Fumo e macerie ovunque. Il cielo plumbeo, come non si era mai visto. 
Devastazione, ecco l'unica cosa che il bielorusso vedeva attorno a sé; la distruzione della propria città, di se stesso.
Occhi color fuoco lo guardavano, sghignazzando, sondavano le sue ferite, vogliosi d'infliggerne ulteriori.
Misha si ritrovò con la schiena premuta contro i ruderi che i tedeschi si erano lasciati alle spalle ed una mano stretta attorno al collo.
I due rubini ridevano, guardando come era stato facile piegare quella capitale.
Il moro si morse le labbra a sangue, pur di non esternare il proprio dolore: era in lui, l'aveva violato fino a quel punto, deturpandogli anche l'ultimo residuo d'orgoglio che gli era rimasto.
Non avrebbe pianto, non avrebbe urlato, non avrebbe implorato. Doveva essere forte contro il nemico.
Qualcuno urlò al posto suo, una voce che conosceva fin troppo bene.
Mikael, lui, il minore, il più debole, quello con le responsabilità, la sua controparte, suo ... gemello.
Misha voltò il capo, tremando, rifiutando l'idea che anche lui fosse costretto a subire quell'orrore. La conferma arrivò dalla risata dell'albino in divisa nera che lo sovrastava, ancora prima che i suoi occhi grigi vedessero l'orrore che l'altro nazista stava compiendo.

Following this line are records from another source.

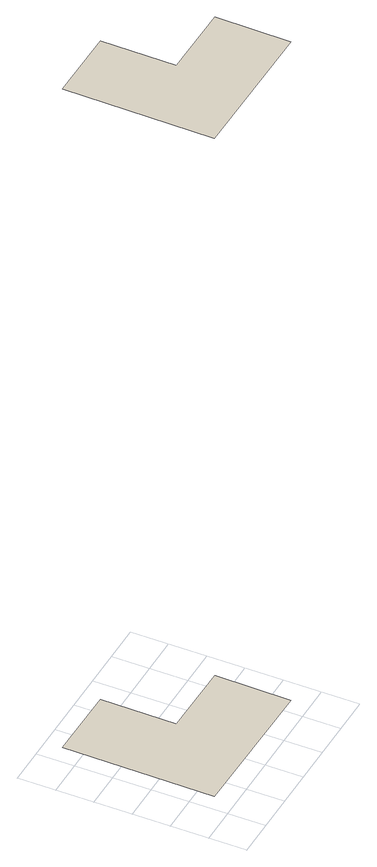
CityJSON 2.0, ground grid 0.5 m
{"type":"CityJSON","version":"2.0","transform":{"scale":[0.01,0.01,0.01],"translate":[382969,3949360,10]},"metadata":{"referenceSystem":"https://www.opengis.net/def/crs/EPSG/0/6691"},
"CityObjects":{
"building1":{"type":"Building","geometry":[{"type":"MultiSurface","lod":"1","boundaries":[[[0,1,2,3,4,5]],[[6,7,8,9,10,11]]]}]}
},
"vertices":[
[221,26,0],[223,126,0],[123,127,0],[124,227,0],[25,228,0],[22,28,0],[25,228,1000],[124,227,1000],[123,127,1000],[223,126,1000],[221,26,1000],[22,28,1000]
]}
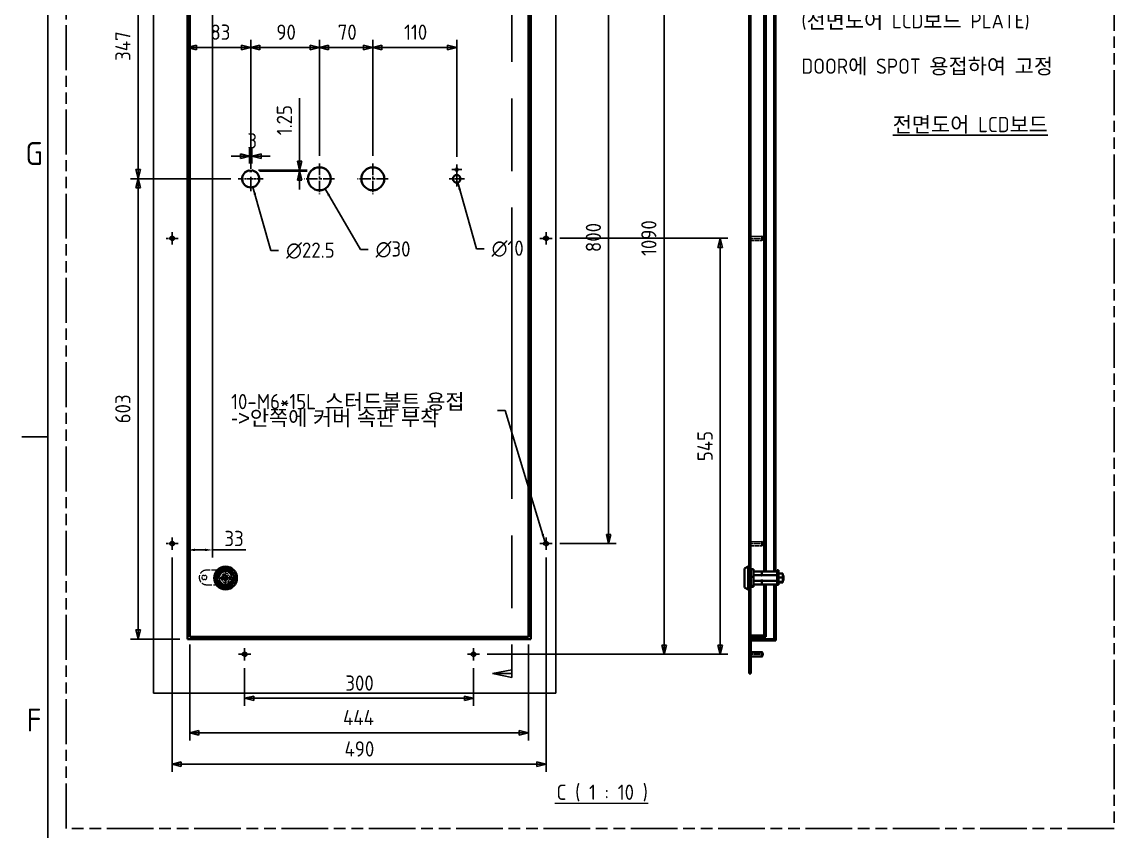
# Model space of a CAD drawing. Header units: millimetres. Extents: x 0 to 8410, y 0 to 5940.
# Drawn here: x 166 to 1598, y 3938 to 4999 of the extents above; entities that cross this region are included whole.
import ezdxf

# ---------------------------------------------------------------- set-up
doc = ezdxf.new("R2010")
doc.units = ezdxf.units.MM
doc.header["$LTSCALE"] = 10
for name, pattern in [('CHAIN', [0.3543, 0.2362, -0.0295, 0.0591, -0.0295]), ('DASHED', [0.2067, 0.1654, -0.0413]), ('DOUBLE_DASH_CHAIN', [1.2403, 0.6614, -0.0827, 0.1654, -0.0827, 0.1654, -0.0827])]:
    doc.linetypes.add(name, pattern=pattern)
doc.layers.get('0').update_dxf_attribs({"color": 3, "lineweight": 25})
for name, color, linetype, lineweight in [('가려진 것(ISO)', 2, 'DASHED', 18), ('가시적인 것(ISO)', 3, 'Continuous', 40), ('가시적인 좁은 것(ISO)', 3, 'Continuous', 35), ('경계(ISO)', 7, 'Continuous', 25), ('기호(ISO)', 5, 'Continuous', 25), ('끊기 선(JIS)', 7, 'Continuous', 25), ('단면선(ISO)', 7, 'CHAIN', 25), ('스케치 형상(ISO)', 3, 'Continuous', 25), ('중심 표식(ISO)', 1, 'Continuous', 25), ('중심선(ISO)', 1, 'Continuous', 25), ('치수(ISO)', 2, 'Continuous', 25), ('해치(ISO)', 7, 'Continuous', 18)]:
    doc.layers.add(name, color=color, linetype=linetype, lineweight=lineweight)
doc.styles.add('대상치수 텍스트_PSTEK_POSCO_01', font='isocp.shx')
doc.styles.add('문자 텍스트_PSTEK_POSCO', font='isocp.shx')
doc.styles.add('치수 텍스트_PSTEK_POSCO', font='isocp.shx')
doc.styles.add('텍스트 스타일466', font='isocp.shx')
doc.dimstyles.new('치수_PSTEK_POSCO', dxfattribs={"dimscale": 10, "dimtxt": 2, "dimasz": 1.2, "dimexe": 1, "dimexo": 1, "dimgap": 1, "dimtad": 1, "dimrnd": 1e-08, "dimdsep": 46, "dimtxsty": '치수 텍스트_PSTEK_POSCO', "dimblk": 'Filled-2', "dimcen": 0.09, "dimdle": 10, "dimclrd": 7, "dimclre": 7, "dimclrt": 2, "dimadec": 1, "dimazin": 2, "dimtfac": 1, "dimtmove": 0, "dimatfit": 3, "dimfxl": 0, "dimtolj": 1, "dimlwd": -1, "dimlwe": -1, "dimarcsym": 0})
doc.dimstyles.new('치수_PSTEK_POSCO$7', dxfattribs={"dimscale": 10, "dimtxt": 2, "dimasz": 1, "dimexe": 1, "dimexo": 1, "dimgap": 1, "dimtad": 1, "dimrnd": 1e-08, "dimdsep": 46, "dimtxsty": '치수 텍스트_PSTEK_POSCO', "dimblk": 'Filled-2', "dimcen": 0.09, "dimdle": 10, "dimclrd": 7, "dimclre": 7, "dimclrt": 2, "dimadec": 1, "dimazin": 2, "dimtfac": 1, "dimtmove": 0, "dimatfit": 3, "dimfxl": 0, "dimtolj": 1, "dimlwd": -1, "dimlwe": -1, "dimarcsym": 0})
doc.dimstyles.new('치수_PSTEK_POSCO-01', dxfattribs={"dimscale": 10, "dimtxt": 2, "dimasz": 1, "dimexe": 1, "dimexo": 1, "dimgap": 0.5, "dimtad": 1, "dimrnd": 1e-08, "dimdsep": 46, "dimtxsty": '대상치수 텍스트_PSTEK_POSCO_01', "dimcen": 0.09, "dimdle": 10, "dimclrd": 7, "dimclre": 7, "dimclrt": 2, "dimadec": 1, "dimazin": 2, "dimtfac": 1, "dimtmove": 0, "dimatfit": 3, "dimfxl": 0, "dimtolj": 1, "dimlwd": -1, "dimlwe": -1, "dimarcsym": 0})

# ---------------------------------------------------------------- blocks, each defined once
blk = doc.blocks.new('경계 Default Border')
at = {"layer": '경계(ISO)'}
blk.add_line((20, 445.5), (16.6, 445.5), dxfattribs=at)
at = {"layer": '경계(ISO)', "flags": 128}
blk.add_lwpolyline([(20, 20), (20, 574)], dxfattribs=at)
at = {"layer": '경계(ISO)', "color": 2, "char_height": 3, "attachment_point": 7, "style": '문자 텍스트_PSTEK_POSCO'}
for s, insert in [('G', (17.08, 481.1)), ('F', (17.24, 406.87))]:
    blk.add_mtext(s, dxfattribs=dict(at, insert=insert))
blk = doc.blocks.new('*D94')
at = {"layer": 'Defpoints', "color": 0}
for p in [(416, 5118.4), (416, 4306.6), (383, 4258.2)]:
    blk.add_point(p, dxfattribs=at)
at = {"layer": '치수(ISO)', "color": 7}
for p, q in [((416, 5108.4), (416, 4296.6)), ((393, 4306.6), (406, 4306.6)), ((416, 4306.6), (459.4, 4306.6))]:
    blk.add_line(p, q, dxfattribs=at)
for points in [[(393, 4308.3), (393, 4305), (383, 4306.6)], [(406, 4308.3), (406, 4305), (416, 4306.6)]]:
    blk.add_solid(points, dxfattribs=at)
at = {"layer": '치수(ISO)', "color": 2, "insert": (431.5, 4321.6), "char_height": 20, "attachment_point": 4, "style": '대상치수 텍스트_PSTEK_POSCO_01'}
blk.add_mtext('\\A1;33', dxfattribs=at)
blk = doc.blocks.new('Filled-2')
at = {"color": 0}
for p, q in [((0, 0), (-1, 0.25)), ((-1, 0.25), (-1, -0.25)), ((-1, 0), (0, 0)), ((-1, -0.25), (0, 0))]:
    blk.add_line(p, q, dxfattribs=at)
at = {"color": 0, "flags": 128}
blk.add_lwpolyline([(-1, -0.25), (0, 0)], dxfattribs=at)
at = {"color": 0}
blk.add_solid([(-1, -0.25), (0, 0), (-1, 0.25), (-1, -0.25)], dxfattribs=at)
blk = doc.blocks.new('*D116')
at = {"layer": 'Defpoints', "color": 0}
for p in [(467.5, 4822.6), (464.5, 4802.9), (467.5, 4802.9)]:
    blk.add_point(p, dxfattribs=at)
at = {"layer": '치수(ISO)', "color": 7}
for p, q in [((464.5, 4812.9), (464.5, 4832.6)), ((467.5, 4812.9), (467.5, 4832.6)), ((452.5, 4822.6), (440.5, 4822.6)), ((464.5, 4822.6), (467.5, 4822.6)), ((479.5, 4822.6), (491.5, 4822.6))]:
    blk.add_line(p, q, dxfattribs=at)
at = {"layer": '치수(ISO)', "color": 7, "xscale": 12.00000047683716, "yscale": 12.00000047683716, "zscale": 12.00000047683716}
blk.add_blockref('Filled-2', (464.5, 4822.6), dxfattribs=at)
at = {"layer": '치수(ISO)', "color": 7, "xscale": 12.00000047683716, "yscale": 12.00000047683716, "zscale": 12.00000047683716, "rotation": 180}
blk.add_blockref('Filled-2', (467.5, 4822.6), dxfattribs=at)
at = {"layer": '치수(ISO)', "color": 2, "insert": (461.6, 4842.6), "char_height": 20, "attachment_point": 4, "style": '치수 텍스트_PSTEK_POSCO'}
blk.add_mtext('\\A1;3', dxfattribs=at)
blk = doc.blocks.new('*D117')
at = {"layer": 'Defpoints', "color": 0}
for p in [(466, 4804.1), (467.5, 4802.9), (530.1, 4804.1)]:
    blk.add_point(p, dxfattribs=at)
at = {"layer": '치수(ISO)', "color": 7}
for p, q in [((530.1, 4816.1), (530.1, 4898.7)), ((476, 4804.1), (540.1, 4804.1)), ((477.5, 4802.9), (540.1, 4802.9)), ((530.1, 4802.9), (530.1, 4804.1)), ((530.1, 4790.9), (530.1, 4778.9))]:
    blk.add_line(p, q, dxfattribs=at)
at = {"layer": '치수(ISO)', "color": 7, "xscale": 12.00000047683716, "yscale": 12.00000047683716, "zscale": 12.00000047683716}
for p, rotation in [((530.1, 4804.1), 270), ((530.1, 4802.9), 90)]:
    blk.add_blockref('Filled-2', p, dxfattribs=dict(at, rotation=rotation))
at = {"layer": '치수(ISO)', "color": 2, "insert": (510.1, 4849.9), "char_height": 20, "attachment_point": 4, "rotation": 90, "style": '치수 텍스트_PSTEK_POSCO'}
blk.add_mtext('\\A1;1.25', dxfattribs=at)
blk = doc.blocks.new('*D118')
at = {"layer": 'Defpoints', "color": 0}
for p in [(458, 4161.9), (758, 4161.9), (758, 4112.2)]:
    blk.add_point(p, dxfattribs=at)
at = {"layer": '치수(ISO)', "color": 7}
for p, q in [((458, 4151.9), (458, 4102.2)), ((758, 4151.9), (758, 4102.2)), ((470, 4112.2), (746, 4112.2))]:
    blk.add_line(p, q, dxfattribs=at)
at = {"layer": '치수(ISO)', "color": 7, "xscale": 12.00000047683716, "yscale": 12.00000047683716, "zscale": 12.00000047683716, "rotation": 180}
blk.add_blockref('Filled-2', (458, 4112.2), dxfattribs=at)
at = {"layer": '치수(ISO)', "color": 7, "xscale": 12.00000047683716, "yscale": 12.00000047683716, "zscale": 12.00000047683716}
blk.add_blockref('Filled-2', (758, 4112.2), dxfattribs=at)
at = {"layer": '치수(ISO)', "color": 2, "insert": (590, 4132.2), "char_height": 20, "attachment_point": 4, "style": '치수 텍스트_PSTEK_POSCO'}
blk.add_mtext('\\A1;300', dxfattribs=at)
blk = doc.blocks.new('*D119')
at = {"layer": 'Defpoints', "color": 0}
for p in [(386, 4192.9), (830, 4192.9), (830, 4067)]:
    blk.add_point(p, dxfattribs=at)
at = {"layer": '치수(ISO)', "color": 7}
for p, q in [((386, 4182.9), (386, 4057)), ((830, 4182.9), (830, 4057)), ((398, 4067), (818, 4067))]:
    blk.add_line(p, q, dxfattribs=at)
at = {"layer": '치수(ISO)', "color": 7, "xscale": 12.00000047683716, "yscale": 12.00000047683716, "zscale": 12.00000047683716, "rotation": 180}
blk.add_blockref('Filled-2', (386, 4067), dxfattribs=at)
at = {"layer": '치수(ISO)', "color": 7, "xscale": 12.00000047683716, "yscale": 12.00000047683716, "zscale": 12.00000047683716}
blk.add_blockref('Filled-2', (830, 4067), dxfattribs=at)
at = {"layer": '치수(ISO)', "color": 2, "insert": (587, 4087), "char_height": 20, "attachment_point": 4, "style": '치수 텍스트_PSTEK_POSCO'}
blk.add_mtext('\\A1;444', dxfattribs=at)
blk = doc.blocks.new('*D120')
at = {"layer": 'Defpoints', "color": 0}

La chiamavano conquista, ma per quei due ragazzi, per quella città violata non era altro che dolore; dolore nel vedersi privare di tutto, persino la dignità di se stessi.


Gli scempi di ciò che il passaggio nazista procurò a Minsk sono ancora ben impressi nel corpo e nella memoria dei due rappresentanti, lasciando in loro un radicato odio verso i tedeschi e un velato timore per ciò che furono costretti a subire.

Nelle orecchie del maggiore non rimbombava altro che l'urlo sordo di dolore di Mikael, sottoposto anche lui a quella folle violenza; Misha colto da disperazione allungò un braccio verso di lui, annaspando tra polvere e sassi, fino a stringere la sua mano.
Gli occhi color argento bruciavano d'odio, mentre affondavano in quelli di sangue ridenti del suo aguzzino, uno sputo di sangue dipinse la guancia del nazista che rideva, a veder come le lacrime sul viso della città lasciavano scie umide dopo il loro passaggio.
Nonostante tutto Misha non lo udiva più, sentiva solo le unghie del minore conficcate nella carne della propria mano e gli sguardi impotenti che la propria nazione gli rivolgeva.
Avrebbe voluto morire, perché no?
Ma non se lo sarebbe concesso, non per mano di quegli esseri.